Transform Text to Speech Effortlessly with ttsds/xtts_1 Cognitive Actions

22 Apr 2025
Transform Text to Speech Effortlessly with ttsds/xtts_1 Cognitive Actions

In today’s digital landscape, the ability to convert text into speech can enhance user experiences significantly, whether for accessibility, content consumption, or interactive applications. The ttsds/xtts_1 spec provides a powerful set of Cognitive Actions that enable developers to integrate text-to-speech capabilities seamlessly into their applications. With the "Synthesize Speech from Text" action, you can transform written content into spoken word using various languages and speaker tones, making your applications more engaging.

Prerequisites

Before diving into the integration of Cognitive Actions, ensure you have:

  • An API key for the Cognitive Actions platform to authenticate your requests.
  • Basic knowledge of JSON structure as the input and output will be in this format.
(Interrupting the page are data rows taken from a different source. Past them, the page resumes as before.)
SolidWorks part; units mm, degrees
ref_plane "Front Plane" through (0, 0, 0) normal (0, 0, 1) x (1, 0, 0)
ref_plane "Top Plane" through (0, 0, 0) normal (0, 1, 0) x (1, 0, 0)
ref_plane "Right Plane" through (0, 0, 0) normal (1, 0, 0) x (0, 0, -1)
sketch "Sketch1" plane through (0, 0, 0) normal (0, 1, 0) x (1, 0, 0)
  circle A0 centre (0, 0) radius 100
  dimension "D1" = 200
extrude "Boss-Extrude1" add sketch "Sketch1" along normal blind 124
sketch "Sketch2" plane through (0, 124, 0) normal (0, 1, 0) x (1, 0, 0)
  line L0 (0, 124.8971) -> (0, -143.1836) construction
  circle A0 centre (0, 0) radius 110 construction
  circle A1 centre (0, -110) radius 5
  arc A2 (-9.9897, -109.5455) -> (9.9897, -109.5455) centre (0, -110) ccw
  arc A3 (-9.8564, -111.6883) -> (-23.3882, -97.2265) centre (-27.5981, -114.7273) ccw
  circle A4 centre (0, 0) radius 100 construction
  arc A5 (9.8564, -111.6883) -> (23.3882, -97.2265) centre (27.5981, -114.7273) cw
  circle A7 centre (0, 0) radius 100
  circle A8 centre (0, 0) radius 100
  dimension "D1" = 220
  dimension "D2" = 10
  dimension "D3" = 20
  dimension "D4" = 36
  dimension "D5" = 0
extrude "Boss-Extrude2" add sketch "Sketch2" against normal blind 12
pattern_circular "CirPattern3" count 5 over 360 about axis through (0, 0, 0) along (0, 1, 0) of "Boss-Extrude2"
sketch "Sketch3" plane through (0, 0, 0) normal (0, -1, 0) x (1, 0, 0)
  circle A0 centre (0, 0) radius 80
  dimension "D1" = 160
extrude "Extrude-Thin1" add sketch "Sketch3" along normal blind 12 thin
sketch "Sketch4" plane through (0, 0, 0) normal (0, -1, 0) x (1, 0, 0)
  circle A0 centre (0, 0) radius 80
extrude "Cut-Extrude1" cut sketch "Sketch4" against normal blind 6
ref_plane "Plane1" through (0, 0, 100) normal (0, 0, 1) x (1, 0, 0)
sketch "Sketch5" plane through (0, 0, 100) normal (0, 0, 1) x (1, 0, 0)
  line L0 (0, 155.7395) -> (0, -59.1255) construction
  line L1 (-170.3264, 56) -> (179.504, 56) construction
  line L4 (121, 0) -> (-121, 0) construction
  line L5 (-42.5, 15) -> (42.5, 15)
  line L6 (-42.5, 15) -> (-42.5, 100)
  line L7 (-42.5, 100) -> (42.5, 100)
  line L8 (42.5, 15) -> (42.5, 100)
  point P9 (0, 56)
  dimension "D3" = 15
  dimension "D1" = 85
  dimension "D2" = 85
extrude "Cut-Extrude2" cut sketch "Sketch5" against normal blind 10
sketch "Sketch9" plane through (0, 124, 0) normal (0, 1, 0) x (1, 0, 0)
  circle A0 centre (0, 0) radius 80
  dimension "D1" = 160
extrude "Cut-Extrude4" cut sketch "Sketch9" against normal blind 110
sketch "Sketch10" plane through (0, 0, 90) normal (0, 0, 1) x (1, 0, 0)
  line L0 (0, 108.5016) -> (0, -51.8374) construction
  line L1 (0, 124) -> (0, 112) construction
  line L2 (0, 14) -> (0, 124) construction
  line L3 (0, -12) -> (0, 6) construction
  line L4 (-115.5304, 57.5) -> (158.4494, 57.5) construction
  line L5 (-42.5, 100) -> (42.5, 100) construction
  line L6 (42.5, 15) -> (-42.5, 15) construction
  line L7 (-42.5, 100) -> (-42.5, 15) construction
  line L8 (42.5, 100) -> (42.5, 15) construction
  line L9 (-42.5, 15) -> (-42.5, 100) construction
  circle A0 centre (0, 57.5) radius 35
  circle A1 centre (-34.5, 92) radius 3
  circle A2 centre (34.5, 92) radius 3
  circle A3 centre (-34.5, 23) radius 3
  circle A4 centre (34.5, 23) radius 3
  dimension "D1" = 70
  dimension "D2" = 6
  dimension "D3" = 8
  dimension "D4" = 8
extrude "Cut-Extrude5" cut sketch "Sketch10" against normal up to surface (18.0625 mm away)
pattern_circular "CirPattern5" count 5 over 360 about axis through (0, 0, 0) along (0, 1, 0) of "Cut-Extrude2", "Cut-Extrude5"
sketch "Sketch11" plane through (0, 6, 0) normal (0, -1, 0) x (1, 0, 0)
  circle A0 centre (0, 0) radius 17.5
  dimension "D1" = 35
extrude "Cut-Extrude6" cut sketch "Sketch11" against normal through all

Authentication typically involves including your API key in the request headers, which allows secure access to the service.

Cognitive Actions Overview

Synthesize Speech from Text

Description: This action converts text into speech using a specified speaker reference and language. It supports a variety of languages and allows developers to customize the synthesized voice, providing a flexible solution for diverse applications.

  • Category: Text-to-Speech

Input

The input for this action is structured as follows:

{
  "text": "With tenure, Suzie'd have all the more leisure for yachting, but her publications are no good.",
  "language": "en",
  "speakerReference": "https://replicate.delivery/pbxt/MNFXdPaUPOwYCZjZM4azsymbzE2TCV2WJXfGpeV2DrFWaSq8/example_en.wav"
}

Required Fields:

  • text: The content you wish to synthesize into speech.
  • speakerReference: A URI that points to the audio file guiding the synthesis.

Optional Fields:

  • language: The language code for the text (default is "en" for English).

Output

Upon successful execution, the action returns a URL pointing to the audio file of the synthesized speech. For example:

"https://assets.cognitiveactions.com/invocations/9d85fab9-3515-4daf-b43f-27b0ed15960c/4e6afd9d-e583-4ea3-bd8a-3675acedd122.wav"

This URL can be used to play or download the synthesized speech.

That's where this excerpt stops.